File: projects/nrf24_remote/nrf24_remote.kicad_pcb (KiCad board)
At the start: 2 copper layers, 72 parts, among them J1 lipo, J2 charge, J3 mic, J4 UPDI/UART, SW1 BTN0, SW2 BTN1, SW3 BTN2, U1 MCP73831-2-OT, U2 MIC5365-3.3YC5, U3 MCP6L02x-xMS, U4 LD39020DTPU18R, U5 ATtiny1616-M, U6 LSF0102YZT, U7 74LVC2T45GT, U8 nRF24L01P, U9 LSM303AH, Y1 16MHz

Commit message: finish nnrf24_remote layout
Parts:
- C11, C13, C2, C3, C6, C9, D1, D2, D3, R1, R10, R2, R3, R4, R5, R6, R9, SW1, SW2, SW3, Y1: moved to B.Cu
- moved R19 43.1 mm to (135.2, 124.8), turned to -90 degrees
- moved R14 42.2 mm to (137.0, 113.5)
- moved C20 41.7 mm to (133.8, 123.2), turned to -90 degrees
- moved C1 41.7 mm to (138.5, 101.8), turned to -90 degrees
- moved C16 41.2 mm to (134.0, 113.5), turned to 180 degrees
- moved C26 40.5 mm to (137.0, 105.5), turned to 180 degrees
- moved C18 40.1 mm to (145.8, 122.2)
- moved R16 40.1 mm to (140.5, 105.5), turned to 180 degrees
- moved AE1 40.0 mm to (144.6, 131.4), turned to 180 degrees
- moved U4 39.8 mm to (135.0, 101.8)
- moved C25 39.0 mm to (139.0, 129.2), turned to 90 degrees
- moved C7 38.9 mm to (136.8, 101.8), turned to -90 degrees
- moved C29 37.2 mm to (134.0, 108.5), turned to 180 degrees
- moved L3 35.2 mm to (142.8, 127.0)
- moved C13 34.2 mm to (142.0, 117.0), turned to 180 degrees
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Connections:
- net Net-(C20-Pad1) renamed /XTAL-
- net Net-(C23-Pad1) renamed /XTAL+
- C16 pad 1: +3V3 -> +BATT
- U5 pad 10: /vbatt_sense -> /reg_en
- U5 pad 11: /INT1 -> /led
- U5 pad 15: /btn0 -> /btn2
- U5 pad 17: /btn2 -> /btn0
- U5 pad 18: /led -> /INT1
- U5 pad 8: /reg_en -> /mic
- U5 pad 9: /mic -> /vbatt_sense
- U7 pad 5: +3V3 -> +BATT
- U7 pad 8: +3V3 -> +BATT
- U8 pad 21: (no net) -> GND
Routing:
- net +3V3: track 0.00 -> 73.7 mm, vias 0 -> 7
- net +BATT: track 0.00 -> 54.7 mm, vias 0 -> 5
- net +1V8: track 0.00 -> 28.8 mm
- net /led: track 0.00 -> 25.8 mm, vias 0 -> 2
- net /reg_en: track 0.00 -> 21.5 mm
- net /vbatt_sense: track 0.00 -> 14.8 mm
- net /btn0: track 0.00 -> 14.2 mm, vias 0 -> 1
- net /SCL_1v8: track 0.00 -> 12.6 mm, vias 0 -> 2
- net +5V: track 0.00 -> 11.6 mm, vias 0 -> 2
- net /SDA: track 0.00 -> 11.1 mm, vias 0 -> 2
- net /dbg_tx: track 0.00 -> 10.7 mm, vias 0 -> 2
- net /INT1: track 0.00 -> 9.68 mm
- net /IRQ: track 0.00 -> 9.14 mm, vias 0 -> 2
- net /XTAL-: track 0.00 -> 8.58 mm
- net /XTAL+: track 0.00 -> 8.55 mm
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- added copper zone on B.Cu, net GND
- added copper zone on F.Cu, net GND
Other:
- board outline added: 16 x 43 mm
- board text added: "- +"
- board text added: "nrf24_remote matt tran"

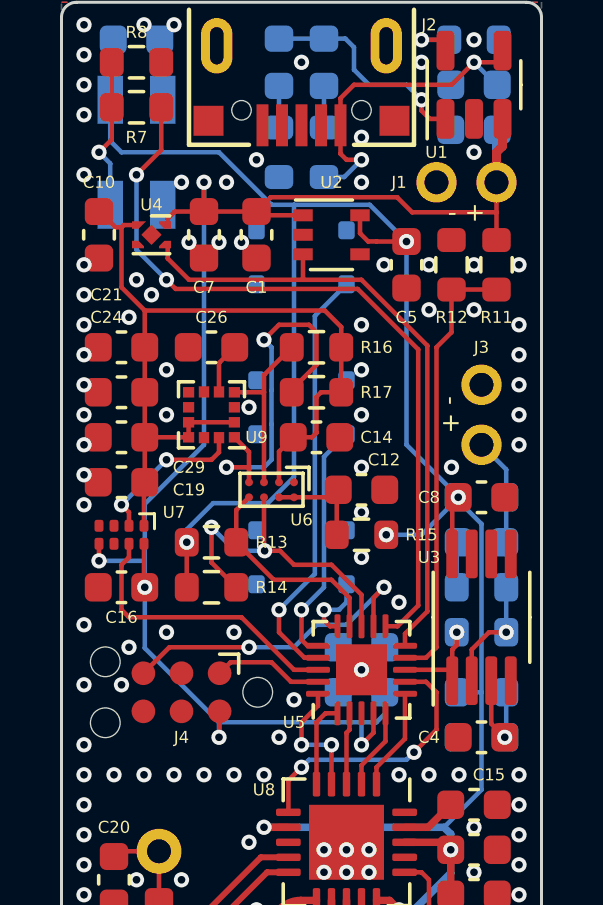
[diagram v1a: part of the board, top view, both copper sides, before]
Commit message: update nrf24_remote
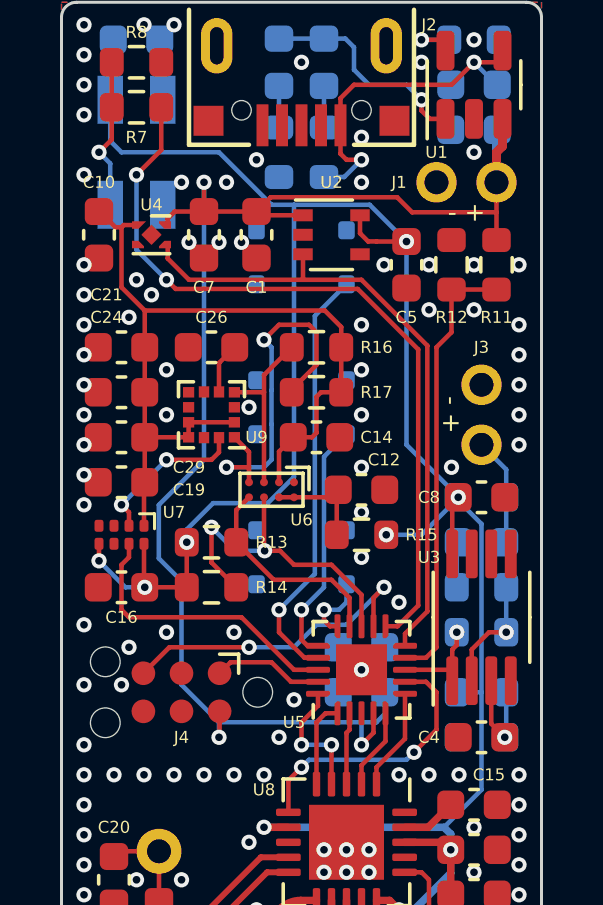
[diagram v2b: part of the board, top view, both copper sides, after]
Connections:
- C16 pad 1: +BATT -> +3V3
- U7 pad 5: +BATT -> +3V3
- U7 pad 8: +BATT -> +3V3
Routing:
- net +3V3: track 73.7 -> 79.0 mm, vias 7 -> 9
- net +BATT: track 54.7 -> 50.8 mm, vias 5 -> 3
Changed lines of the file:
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@@
       (net 1 "GND") (pinfunction "GND") (pintype "power_in"))
     (pad "5" smd roundrect (at 0.3 0.75 270) (size 0.4 0.3) (layers "F.Cu" "F.Paste" "F.Mask") (roundrect_rratio 0.25)
-      (net 2 "+BATT") (pinfunction "DIR") (pintype "input"))
+      (net 7 "+3V3") (pinfunction "DIR") (pintype "input"))
     (pad "6" smd roundrect (at 0.3 0.25 270) (size 0.4 0.3) (layers "F.Cu" "F.Paste" "F.Mask") (roundrect_rratio 0.25)
       (net 55 "unconnected-(U7-Pad6)") (pinfunction "2B") (pintype "bidirectional+no_connect"))
@@
       (net 51 "/INT1") (pinfunction "1B") (pintype "bidirectional"))
     (pad "8" smd roundrect (at 0.3 -0.75 270) (size 0.4 0.3) (layers "F.Cu" "F.Paste" "F.Mask") (roundrect_rratio 0.25)
-      (net 2 "+BATT") (pinfunction "VCCB") (pintype "power_in"))
+      (net 7 "+3V3") (pinfunction "VCCB") (pintype "power_in"))
   )
   (footprint "Inductor_SMD:L_0603_1608Metric" (layer "F.Cu")
@@
     (fp_line (start 0.8 0.4) (end -0.8 0.4) (layer "F.Fab") (width 0.1))
     (pad "1" smd roundrect (at -0.775 0 180) (size 0.9 0.95) (layers "F.Cu" "F.Paste" "F.Mask") (roundrect_rratio 0.25)
-      (net 2 "+BATT") (pintype "passive"))
+      (net 7 "+3V3") (pintype "passive"))
     (pad "2" smd roundrect (at 0.775 0 180) (size 0.9 0.95) (layers "F.Cu" "F.Paste" "F.Mask") (roundrect_rratio 0.25)
       (net 1 "GND") (pintype "passive"))
@@
   (segment (start 146.5 99) (end 146.5 100) (width 0.3) (layer "F.Cu") (net 2))
   (segment (start 142.4 118.35) (end 142 118.75) (width 0.1524) (layer "F.Cu") (net 2))
-  (segment (start 134.75 113.475) (end 134.775 113.5) (width 0.1524) (layer "F.Cu") (net 2))
   (segment (start 137.27 117.635) (end 137.27 118.48) (width 0.1524) (layer "F.Cu") (net 2))
   (segment (start 142.4 117.7) (end 142.4 118.35) (width 0.1524) (layer "F.Cu") (net 2))
-  (segment (start 134.75 112.05) (end 134.75 113.475) (width 0.1524) (layer "F.Cu") (net 2))
-  (segment (start 133.25 112.05) (end 133.25 112.6191) (width 0.1524) (layer "F.Cu") (net 2))
   (segment (start 146.7 97.8875) (end 146.7 98.8) (width 0.3) (layer "F.Cu") (net 2))
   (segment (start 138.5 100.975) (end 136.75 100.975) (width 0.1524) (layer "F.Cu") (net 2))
+---+
__Requirement__.
What lines above hold the word "message"? List them all.

__Response for this exercise__.
Commit message: finish nnrf24_remote layout
Commit message: update nrf24_remote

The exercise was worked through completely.